Let $X$ be a topological space. Let $D_f= \left\{ x\in X:f(x)\neq 0 \right\}$. Let $\mathcal O_X$ be the sheaf of continuous functions on $X$. Is it true that $\mathcal O_X(D_f)= \left\{ \frac g{f^n}:g\in \mathcal O_X(X) \right\}$? With polynomials it seems easier to prove because the zeros are isolated...

Answer 1

You want to see whether it works like for principal open subsets of affine varieties. Unfortunately no. The continuous ( even smooth) functions are not that rigid, in the sense that the rate of decrease around a zero of a continuous function cannot be measured only with natural numbers ( like the order of a zero...).

Let's take the simplest case, $X=\mathbb{R}$. Consider a continuous function $f$ that has the only zero at $x=0$. What would it mean the fact you wondered about? "Every continuous function defined on $\mathbb{R} \backslash \{0\}$, multiplied by a sufficient large power of $f$, can be extended to a continuous function on $\mathbb{R}$." Can we prevent this from happening?

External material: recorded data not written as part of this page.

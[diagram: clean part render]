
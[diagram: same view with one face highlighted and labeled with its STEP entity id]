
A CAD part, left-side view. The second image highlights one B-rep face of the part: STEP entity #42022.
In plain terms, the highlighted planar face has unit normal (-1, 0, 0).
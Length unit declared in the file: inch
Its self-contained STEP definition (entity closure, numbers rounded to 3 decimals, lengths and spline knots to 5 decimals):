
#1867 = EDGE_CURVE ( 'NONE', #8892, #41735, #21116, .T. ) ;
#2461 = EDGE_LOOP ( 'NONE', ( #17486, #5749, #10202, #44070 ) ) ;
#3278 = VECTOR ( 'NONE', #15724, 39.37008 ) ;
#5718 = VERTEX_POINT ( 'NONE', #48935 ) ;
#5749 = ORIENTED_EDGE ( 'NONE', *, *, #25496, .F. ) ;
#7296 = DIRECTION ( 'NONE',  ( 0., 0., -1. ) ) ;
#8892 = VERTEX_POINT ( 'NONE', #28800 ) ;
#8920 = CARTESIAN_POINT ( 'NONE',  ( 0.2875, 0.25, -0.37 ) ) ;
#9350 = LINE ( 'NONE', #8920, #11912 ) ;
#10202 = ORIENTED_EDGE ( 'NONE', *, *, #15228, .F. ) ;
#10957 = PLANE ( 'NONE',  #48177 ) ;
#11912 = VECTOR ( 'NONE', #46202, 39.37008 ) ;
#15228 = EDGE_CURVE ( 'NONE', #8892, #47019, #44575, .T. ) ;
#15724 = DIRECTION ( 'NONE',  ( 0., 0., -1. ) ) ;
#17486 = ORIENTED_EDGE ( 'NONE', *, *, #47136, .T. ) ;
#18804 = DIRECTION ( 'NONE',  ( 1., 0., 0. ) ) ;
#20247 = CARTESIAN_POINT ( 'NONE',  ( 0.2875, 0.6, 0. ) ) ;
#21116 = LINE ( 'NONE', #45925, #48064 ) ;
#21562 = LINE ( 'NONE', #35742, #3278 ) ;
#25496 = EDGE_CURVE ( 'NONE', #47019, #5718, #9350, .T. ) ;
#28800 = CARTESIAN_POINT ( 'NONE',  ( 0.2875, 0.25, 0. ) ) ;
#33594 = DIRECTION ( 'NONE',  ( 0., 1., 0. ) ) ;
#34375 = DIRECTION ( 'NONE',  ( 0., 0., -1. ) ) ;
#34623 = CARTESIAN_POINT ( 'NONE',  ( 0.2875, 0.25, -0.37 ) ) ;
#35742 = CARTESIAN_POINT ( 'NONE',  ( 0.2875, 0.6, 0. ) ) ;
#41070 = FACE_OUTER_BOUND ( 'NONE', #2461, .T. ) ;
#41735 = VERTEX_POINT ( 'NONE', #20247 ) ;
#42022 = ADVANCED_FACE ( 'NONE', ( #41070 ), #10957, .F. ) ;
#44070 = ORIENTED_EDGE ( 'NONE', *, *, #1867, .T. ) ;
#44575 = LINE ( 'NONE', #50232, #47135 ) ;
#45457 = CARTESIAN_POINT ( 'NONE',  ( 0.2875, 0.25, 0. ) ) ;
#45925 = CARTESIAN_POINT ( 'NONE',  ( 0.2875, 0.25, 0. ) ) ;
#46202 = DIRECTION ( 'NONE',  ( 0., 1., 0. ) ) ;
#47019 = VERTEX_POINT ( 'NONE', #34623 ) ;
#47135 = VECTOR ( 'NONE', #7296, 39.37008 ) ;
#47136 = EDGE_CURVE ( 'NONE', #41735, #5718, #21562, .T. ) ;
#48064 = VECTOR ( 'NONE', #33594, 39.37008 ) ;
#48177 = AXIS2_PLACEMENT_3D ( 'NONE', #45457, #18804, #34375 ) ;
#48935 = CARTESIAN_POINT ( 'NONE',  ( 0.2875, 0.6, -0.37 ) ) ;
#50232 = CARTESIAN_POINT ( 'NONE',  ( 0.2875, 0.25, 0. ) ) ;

Yes. Take $f$ that has a zero at $0$ with a very "low" order. Instead of decreasing like a power of $x$, make it decrease like a power of $ \frac{1}{\log |x|}$. Concretely, take $f(x) = \frac{1}{\log |x|}$ for $x\ne 0$ and $0$ at $x=0$. Moreover, take a function $g$ on $\mathbb{R} \backslash \{0\}$ that increases towards $0$ like $\frac{1}{x}$. Concretely, take $g(x) = \frac{1}{x}$. Now you will get your counterexample.

Similar counterexamples hold in the $C^{\infty}$ category. Say take $f(x) = x$ but now take $g$ so that $\frac{1}{g}$ has a zero of infinite order at $0$, like $\frac{1}{g}= e^{-1/x^2}$.

For analytic functions things are better if $f$ say has finitely many zeroes.